Why Move Ordering Matters So Much
The gap between best and worst case makes move ordering the single most important factor in alpha-beta’s efficiency. If the algorithm happens to examine the best move first at every node, it prunes the maximum number of branches. If it examines the worst move first, it learns nothing useful and can’t prune anything until much later.
Game engines use several strategies to get closer to optimal ordering. Static approaches use game knowledge to guess which moves are likely best: in chess, captures and checks are typically examined before quiet moves. Dynamic approaches extract ordering hints from the search itself. For instance, if a move causes a cutoff at one depth, it’s likely strong at similar depths too, so the engine tries it first next time. Research on chess engines shows that at nodes where a cutoff occurs, the first move examined is responsible for the cutoff a large majority of the time when ordering is done well. There’s also an interesting asymmetry: move ordering tends to be more effective at odd levels of the tree than even levels, due to the alternating structure of maximizing and minimizing nodes.

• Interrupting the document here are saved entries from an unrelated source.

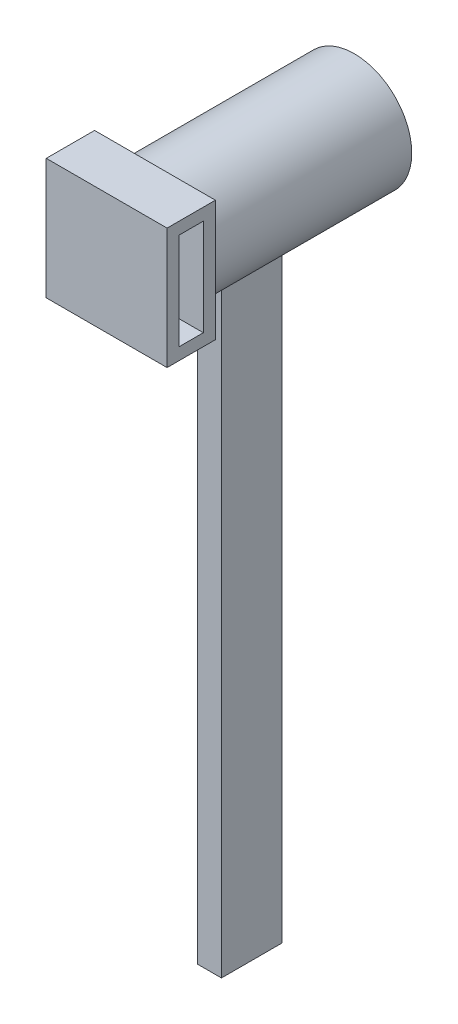
ISO-10303-21;
HEADER;
FILE_DESCRIPTION(('STEP AP214'),'2;1');
FILE_NAME('part.step','',(''),(''),'','','');
FILE_SCHEMA(('AUTOMOTIVE_DESIGN { 1 0 10303 214 1 1 1 1 }'));
ENDSEC;
DATA;
#1=APPLICATION_CONTEXT('core data for automotive mechanical design processes');
#2=APPLICATION_PROTOCOL_DEFINITION('international standard','automotive_design',2000,#1);
#3=PRODUCT_CONTEXT('',#1,'mechanical');
#4=PRODUCT('Part','Part','',(#3));
#5=PRODUCT_RELATED_PRODUCT_CATEGORY('part','',(#4));
#6=PRODUCT_DEFINITION_FORMATION('','',#4);
#7=PRODUCT_DEFINITION_CONTEXT('part definition',#1,'design');
#8=PRODUCT_DEFINITION('design','',#6,#7);
#9=PRODUCT_DEFINITION_SHAPE('','',#8);
#10=(LENGTH_UNIT() NAMED_UNIT(*) SI_UNIT(.MILLI.,.METRE.));
#11=(NAMED_UNIT(*) PLANE_ANGLE_UNIT() SI_UNIT($,.RADIAN.));
#12=(NAMED_UNIT(*) SI_UNIT($,.STERADIAN.) SOLID_ANGLE_UNIT());
#13=UNCERTAINTY_MEASURE_WITH_UNIT(LENGTH_MEASURE(1.E-05),#10,'distance_accuracy_value','');
#14=(GEOMETRIC_REPRESENTATION_CONTEXT(3) GLOBAL_UNCERTAINTY_ASSIGNED_CONTEXT((#13)) GLOBAL_UNIT_ASSIGNED_CONTEXT((#10,
#11,#12)) REPRESENTATION_CONTEXT('',''));
#15=CARTESIAN_POINT('',(0.,0.,0.));
#16=DIRECTION('',(0.,0.,1.));
#17=DIRECTION('',(1.,0.,0.));
#18=AXIS2_PLACEMENT_3D('',#15,#16,#17);
#19=CARTESIAN_POINT('',(0.,0.,0.));
#20=DIRECTION('',(0.,0.,1.));
#21=DIRECTION('',(1.,0.,0.));
#22=AXIS2_PLACEMENT_3D('',#19,#20,#21);
#23=PLANE('',#22);
#24=CARTESIAN_POINT('',(0.,0.,0.));
#25=DIRECTION('',(0.,0.,1.));
#26=DIRECTION('',(1.,0.,0.));
#27=AXIS2_PLACEMENT_3D('',#24,#25,#26);
#28=CIRCLE('',#27,4.75);
#29=CARTESIAN_POINT('',(4.75,0.,0.));
#30=VERTEX_POINT('',#29);
#31=EDGE_CURVE('E211',#30,#30,#28,.T.);
#32=ORIENTED_EDGE('',*,*,#31,.F.);
#33=EDGE_LOOP('',(#32));
#34=FACE_BOUND('',#33,.T.);
#35=ADVANCED_FACE('F39',(#34),#23,.F.);
#36=CARTESIAN_POINT('',(0.,0.,0.));
#37=DIRECTION('',(0.,0.,1.));
#38=DIRECTION('',(1.,0.,0.));
#39=AXIS2_PLACEMENT_3D('',#36,#37,#38);
#40=CYLINDRICAL_SURFACE('',#39,4.75);
#41=DIRECTION('',(0.,0.,1.));
#42=VECTOR('',#41,1.);
#43=CARTESIAN_POINT('',(1.,-4.64354390525168,0.));
#44=LINE('',#43,#42);
#45=CARTESIAN_POINT('',(1.,-4.64354390525168,7.));
#46=VERTEX_POINT('',#45);
#47=CARTESIAN_POINT('',(1.,-4.64354390525168,12.));
#48=VERTEX_POINT('',#47);
#49=EDGE_CURVE('E12',#46,#48,#44,.T.);
#50=ORIENTED_EDGE('',*,*,#49,.F.);
#51=CARTESIAN_POINT('',(0.,0.,7.));
#52=DIRECTION('',(0.,0.,-1.));
#53=DIRECTION('',(-1.,0.,0.));
#54=AXIS2_PLACEMENT_3D('',#51,#52,#53);
#55=CIRCLE('',#54,4.75);
#56=CARTESIAN_POINT('',(-1.,-4.64354390525168,7.));
#57=VERTEX_POINT('',#56);
#58=EDGE_CURVE('E318',#57,#46,#55,.F.);
#59=ORIENTED_EDGE('',*,*,#58,.F.);
#60=DIRECTION('',(0.,0.,1.));
#61=VECTOR('',#60,1.);
#62=CARTESIAN_POINT('',(-1.,-4.64354390525168,0.));
#63=LINE('',#62,#61);
#64=CARTESIAN_POINT('',(-1.,-4.64354390525168,12.));
#65=VERTEX_POINT('',#64);
#66=EDGE_CURVE('E321',#65,#57,#63,.F.);
#67=ORIENTED_EDGE('',*,*,#66,.F.);
#68=CARTESIAN_POINT('',(0.,0.,12.));
#69=DIRECTION('',(0.,0.,1.));
#70=DIRECTION('',(1.,0.,0.));
#71=AXIS2_PLACEMENT_3D('',#68,#69,#70);
#72=CIRCLE('',#71,4.75);
#73=EDGE_CURVE('E48',#48,#65,#72,.F.);
#74=ORIENTED_EDGE('',*,*,#73,.F.);
#75=EDGE_LOOP('',(#50,#59,#67,#74));
#76=FACE_BOUND('',#75,.T.);
#77=CARTESIAN_POINT('',(0.,0.,16.5));
#78=DIRECTION('',(0.,0.,1.));
#79=DIRECTION('',(1.,0.,0.));
#80=AXIS2_PLACEMENT_3D('',#77,#78,#79);
#81=CIRCLE('',#80,4.75);
#82=CARTESIAN_POINT('',(4.75,0.,16.5));
#83=VERTEX_POINT('',#82);
#84=EDGE_CURVE('E316',#83,#83,#81,.T.);
#85=ORIENTED_EDGE('',*,*,#84,.F.);
#86=EDGE_LOOP('',(#85));
#87=FACE_BOUND('',#86,.T.);
#88=ORIENTED_EDGE('',*,*,#31,.T.);
#89=EDGE_LOOP('',(#88));
#90=FACE_BOUND('',#89,.T.);
#91=ADVANCED_FACE('F41',(#76,#87,#90),#40,.T.);
#92=CARTESIAN_POINT('',(1.,-55.,12.));
#93=DIRECTION('',(1.,0.,0.));
#94=DIRECTION('',(0.,0.,-1.));
#95=AXIS2_PLACEMENT_3D('',#92,#93,#94);
#96=PLANE('',#95);
#97=DIRECTION('',(0.,1.,0.));
#98=VECTOR('',#97,1.);
#99=CARTESIAN_POINT('',(1.,-55.,7.));
#100=LINE('',#99,#98);
#101=CARTESIAN_POINT('',(1.,-55.,7.));
#102=VERTEX_POINT('',#101);
#103=EDGE_CURVE('E207',#102,#46,#100,.T.);
#104=ORIENTED_EDGE('',*,*,#103,.T.);
#105=ORIENTED_EDGE('',*,*,#49,.T.);
#106=DIRECTION('',(0.,1.,0.));
#107=VECTOR('',#106,1.);
#108=CARTESIAN_POINT('',(1.,-55.,12.));
#109=LINE('',#108,#107);
#110=CARTESIAN_POINT('',(1.,-55.,12.));
#111=VERTEX_POINT('',#110);
#112=EDGE_CURVE('E208',#111,#48,#109,.T.);
#113=ORIENTED_EDGE('',*,*,#112,.F.);
#114=DIRECTION('',(0.,0.,-1.));
#115=VECTOR('',#114,1.);
#116=CARTESIAN_POINT('',(1.,-55.,12.));
#117=LINE('',#116,#115);
#118=EDGE_CURVE('E195',#111,#102,#117,.T.);
#119=ORIENTED_EDGE('',*,*,#118,.T.);
#120=EDGE_LOOP('',(#104,#105,#113,#119));
#121=FACE_BOUND('',#120,.T.);
#122=ADVANCED_FACE('F246',(#121),#96,.T.);
#123=CARTESIAN_POINT('',(1.,-55.,12.));
#124=DIRECTION('',(0.,0.,1.));
#125=DIRECTION('',(1.,0.,0.));
#126=AXIS2_PLACEMENT_3D('',#123,#124,#125);
#127=PLANE('',#126);
#128=ORIENTED_EDGE('',*,*,#112,.T.);
#129=ORIENTED_EDGE('',*,*,#73,.T.);
#130=DIRECTION('',(0.,1.,0.));
#131=VECTOR('',#130,1.);
#132=CARTESIAN_POINT('',(-1.,-55.,12.));
#133=LINE('',#132,#131);
#134=CARTESIAN_POINT('',(-1.,-55.,12.));
#135=VERTEX_POINT('',#134);
#136=EDGE_CURVE('E212',#135,#65,#133,.T.);
#137=ORIENTED_EDGE('',*,*,#136,.F.);
#138=DIRECTION('',(1.,0.,0.));
#139=VECTOR('',#138,1.);
#140=CARTESIAN_POINT('',(1.,-55.,12.));
#141=LINE('',#140,#139);
#142=EDGE_CURVE('E204',#135,#111,#141,.T.);
#143=ORIENTED_EDGE('',*,*,#142,.T.);
#144=EDGE_LOOP('',(#128,#129,#137,#143));
#145=FACE_BOUND('',#144,.T.);
#146=ADVANCED_FACE('F249',(#145),#127,.T.);
#147=CARTESIAN_POINT('',(-1.,-55.,12.));
#148=DIRECTION('',(-1.,0.,0.));
#149=DIRECTION('',(0.,0.,1.));
#150=AXIS2_PLACEMENT_3D('',#147,#148,#149);
#151=PLANE('',#150);
#152=ORIENTED_EDGE('',*,*,#136,.T.);
#153=ORIENTED_EDGE('',*,*,#66,.T.);
#154=DIRECTION('',(0.,1.,0.));
#155=VECTOR('',#154,1.);
#156=CARTESIAN_POINT('',(-1.,-55.,7.));
#157=LINE('',#156,#155);
#158=CARTESIAN_POINT('',(-1.,-55.,7.));
#159=VERTEX_POINT('',#158);
#160=EDGE_CURVE('E215',#159,#57,#157,.T.);
#161=ORIENTED_EDGE('',*,*,#160,.F.);
#162=DIRECTION('',(0.,0.,1.));
#163=VECTOR('',#162,1.);
#164=CARTESIAN_POINT('',(-1.,-55.,12.));
#165=LINE('',#164,#163);
#166=EDGE_CURVE('E201',#159,#135,#165,.T.);
#167=ORIENTED_EDGE('',*,*,#166,.T.);
#168=EDGE_LOOP('',(#152,#153,#161,#167));
#169=FACE_BOUND('',#168,.T.);
#170=ADVANCED_FACE('F255',(#169),#151,.T.);
#171=CARTESIAN_POINT('',(1.,-55.,7.));
#172=DIRECTION('',(0.,0.,-1.));
#173=DIRECTION('',(-1.,0.,0.));
#174=AXIS2_PLACEMENT_3D('',#171,#172,#173);
#175=PLANE('',#174);
#176=ORIENTED_EDGE('',*,*,#160,.T.);
#177=ORIENTED_EDGE('',*,*,#58,.T.);
#178=ORIENTED_EDGE('',*,*,#103,.F.);
#179=DIRECTION('',(-1.,0.,0.));
#180=VECTOR('',#179,1.);
#181=CARTESIAN_POINT('',(1.,-55.,7.));
#182=LINE('',#181,#180);
#183=EDGE_CURVE('E198',#102,#159,#182,.T.);
#184=ORIENTED_EDGE('',*,*,#183,.T.);
#185=EDGE_LOOP('',(#176,#177,#178,#184));
#186=FACE_BOUND('',#185,.T.);
#187=ADVANCED_FACE('F251',(#186),#175,.T.);
#188=CARTESIAN_POINT('',(0.,-55.,0.));
#189=DIRECTION('',(0.,1.,0.));
#190=DIRECTION('',(0.,0.,1.));
#191=AXIS2_PLACEMENT_3D('',#188,#189,#190);
#192=PLANE('',#191);
#193=ORIENTED_EDGE('',*,*,#118,.F.);
#194=ORIENTED_EDGE('',*,*,#142,.F.);
#195=ORIENTED_EDGE('',*,*,#166,.F.);
#196=ORIENTED_EDGE('',*,*,#183,.F.);
#197=EDGE_LOOP('',(#193,#194,#195,#196));
#198=FACE_BOUND('',#197,.T.);
#199=ADVANCED_FACE('F254',(#198),#192,.F.);
#200=CARTESIAN_POINT('',(0.,0.,16.5));
#201=DIRECTION('',(0.,0.,1.));
#202=DIRECTION('',(1.,0.,0.));
#203=AXIS2_PLACEMENT_3D('',#200,#201,#202);
#204=PLANE('',#203);
#205=DIRECTION('',(0.,-1.,0.));
#206=VECTOR('',#205,1.);
#207=CARTESIAN_POINT('',(5.,0.,16.5));
#208=LINE('',#207,#206);
#209=CARTESIAN_POINT('',(5.,5.,16.5));
#210=VERTEX_POINT('',#209);
#211=CARTESIAN_POINT('',(5.,-5.,16.5));
#212=VERTEX_POINT('',#211);
#213=EDGE_CURVE('E165',#210,#212,#208,.T.);
#214=ORIENTED_EDGE('',*,*,#213,.T.);
#215=DIRECTION('',(1.,0.,0.));
#216=VECTOR('',#215,1.);
#217=CARTESIAN_POINT('',(0.,-5.,16.5));
#218=LINE('',#217,#216);
#219=CARTESIAN_POINT('',(-5.,-5.,16.5));
#220=VERTEX_POINT('',#219);
#221=EDGE_CURVE('E170',#220,#212,#218,.T.);
#222=ORIENTED_EDGE('',*,*,#221,.F.);
#223=DIRECTION('',(0.,-1.,0.));
#224=VECTOR('',#223,1.);
#225=CARTESIAN_POINT('',(-5.,0.,16.5));
#226=LINE('',#225,#224);
#227=CARTESIAN_POINT('',(-5.,5.,16.5));
#228=VERTEX_POINT('',#227);
#229=EDGE_CURVE('E183',#228,#220,#226,.T.);
#230=ORIENTED_EDGE('',*,*,#229,.F.);
#231=DIRECTION('',(1.,0.,0.));
#232=VECTOR('',#231,1.);
#233=CARTESIAN_POINT('',(0.,5.,16.5));
#234=LINE('',#233,#232);
#235=EDGE_CURVE('E180',#228,#210,#234,.T.);
#236=ORIENTED_EDGE('',*,*,#235,.T.);
#237=EDGE_LOOP('',(#214,#222,#230,#236));
#238=FACE_BOUND('',#237,.T.);
#239=ORIENTED_EDGE('',*,*,#84,.T.);
#240=EDGE_LOOP('',(#239));
#241=FACE_BOUND('',#240,.T.);
#242=ADVANCED_FACE('F265',(#238,#241),#204,.F.);
#243=CARTESIAN_POINT('',(5.,0.,20.5));
#244=DIRECTION('',(1.,0.,0.));
#245=DIRECTION('',(0.,0.,-1.));
#246=AXIS2_PLACEMENT_3D('',#243,#244,#245);
#247=PLANE('',#246);
#248=DIRECTION('',(0.,-1.,0.));
#249=VECTOR('',#248,1.);
#250=CARTESIAN_POINT('',(5.,0.,19.5));
#251=LINE('',#250,#249);
#252=CARTESIAN_POINT('',(5.,4.,19.5));
#253=VERTEX_POINT('',#252);
#254=CARTESIAN_POINT('',(5.,-4.,19.5));
#255=VERTEX_POINT('',#254);
#256=EDGE_CURVE('E135',#253,#255,#251,.T.);
#257=ORIENTED_EDGE('',*,*,#256,.F.);
#258=DIRECTION('',(0.,0.,1.));
#259=VECTOR('',#258,1.);
#260=CARTESIAN_POINT('',(5.,4.,20.5));
#261=LINE('',#260,#259);
#262=CARTESIAN_POINT('',(5.,4.,17.5));
#263=VERTEX_POINT('',#262);
#264=EDGE_CURVE('E162',#263,#253,#261,.T.);
#265=ORIENTED_EDGE('',*,*,#264,.F.);
#266=DIRECTION('',(0.,1.,0.));
#267=VECTOR('',#266,1.);
#268=CARTESIAN_POINT('',(5.,0.,17.5));
#269=LINE('',#268,#267);
#270=CARTESIAN_POINT('',(5.,-4.,17.5));
#271=VERTEX_POINT('',#270);
#272=EDGE_CURVE('E160',#271,#263,#269,.T.);
#273=ORIENTED_EDGE('',*,*,#272,.F.);
#274=DIRECTION('',(0.,0.,-1.));
#275=VECTOR('',#274,1.);
#276=CARTESIAN_POINT('',(5.,-4.,20.5));
#277=LINE('',#276,#275);
#278=EDGE_CURVE('E154',#255,#271,#277,.T.);
#279=ORIENTED_EDGE('',*,*,#278,.F.);
#280=EDGE_LOOP('',(#257,#265,#273,#279));
#281=FACE_BOUND('',#280,.T.);
#282=ORIENTED_EDGE('',*,*,#213,.F.);
#283=DIRECTION('',(0.,0.,-1.));
#284=VECTOR('',#283,1.);
#285=CARTESIAN_POINT('',(5.,5.,20.5));
#286=LINE('',#285,#284);
#287=CARTESIAN_POINT('',(5.,5.,20.5));
#288=VERTEX_POINT('',#287);
#289=EDGE_CURVE('E193',#288,#210,#286,.T.);
#290=ORIENTED_EDGE('',*,*,#289,.F.);
#291=DIRECTION('',(0.,-1.,0.));
#292=VECTOR('',#291,1.);
#293=CARTESIAN_POINT('',(5.,0.,20.5));
#294=LINE('',#293,#292);
#295=CARTESIAN_POINT('',(5.,-5.,20.5));
#296=VERTEX_POINT('',#295);
#297=EDGE_CURVE('E166',#288,#296,#294,.T.);
#298=ORIENTED_EDGE('',*,*,#297,.T.);
#299=DIRECTION('',(0.,0.,-1.));
#300=VECTOR('',#299,1.);
#301=CARTESIAN_POINT('',(5.,-5.,20.5));
#302=LINE('',#301,#300);
#303=EDGE_CURVE('E177',#296,#212,#302,.T.);
#304=ORIENTED_EDGE('',*,*,#303,.T.);
#305=EDGE_LOOP('',(#282,#290,#298,#304));
#306=FACE_BOUND('',#305,.T.);
#307=ADVANCED_FACE('F267',(#281,#306),#247,.T.);
#308=CARTESIAN_POINT('',(0.,5.,20.5));
#309=DIRECTION('',(0.,1.,0.));
#310=DIRECTION('',(0.,0.,1.));
#311=AXIS2_PLACEMENT_3D('',#308,#309,#310);
#312=PLANE('',#311);
#313=ORIENTED_EDGE('',*,*,#235,.F.);
#314=DIRECTION('',(0.,0.,-1.));
#315=VECTOR('',#314,1.);
#316=CARTESIAN_POINT('',(-5.,5.,20.5));
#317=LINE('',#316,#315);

Heuristic Evaluation at Depth Limits
Real games like chess have far too many possible positions to search all the way to checkmate from the opening. Instead, the engine searches to a fixed depth and then evaluates the resulting positions using a heuristic evaluation function. This function assigns a numeric score to a board position based on features like material balance, piece activity, king safety, and pawn structure. It’s a computationally cheap estimate of who’s winning.
Alpha-beta pruning works exactly the same way whether the leaf nodes are true game endings or heuristic evaluations. The quality of the evaluation function determines how well the engine plays at a given depth, while alpha-beta pruning determines how deep it can afford to search. Both components matter, and improvements to either one make the engine stronger.
Where Alpha-Beta Pruning Is Used
Alpha-beta pruning has been the backbone of competitive game-playing programs for decades. Stockfish, one of the strongest chess engines in the world, uses alpha-beta pruning to evaluate millions of positions per second. IBM’s Deep Blue, which defeated world champion Garry Kasparov in 1997, relied heavily on it as well. The algorithm applies naturally to any two-player, zero-sum game with perfect information: chess, checkers, Othello, Connect Four, and many others.
Even newer AI systems incorporate pruning concepts. AlphaZero, which taught itself to play chess, shogi, and Go through deep reinforcement learning, uses a form of tree search that prunes unpromising branches, though its approach (Monte Carlo tree search guided by neural networks) differs from classical alpha-beta. The core insight, that you don’t need to evaluate every possibility when some can be ruled out logically, remains central to game AI regardless of the specific implementation.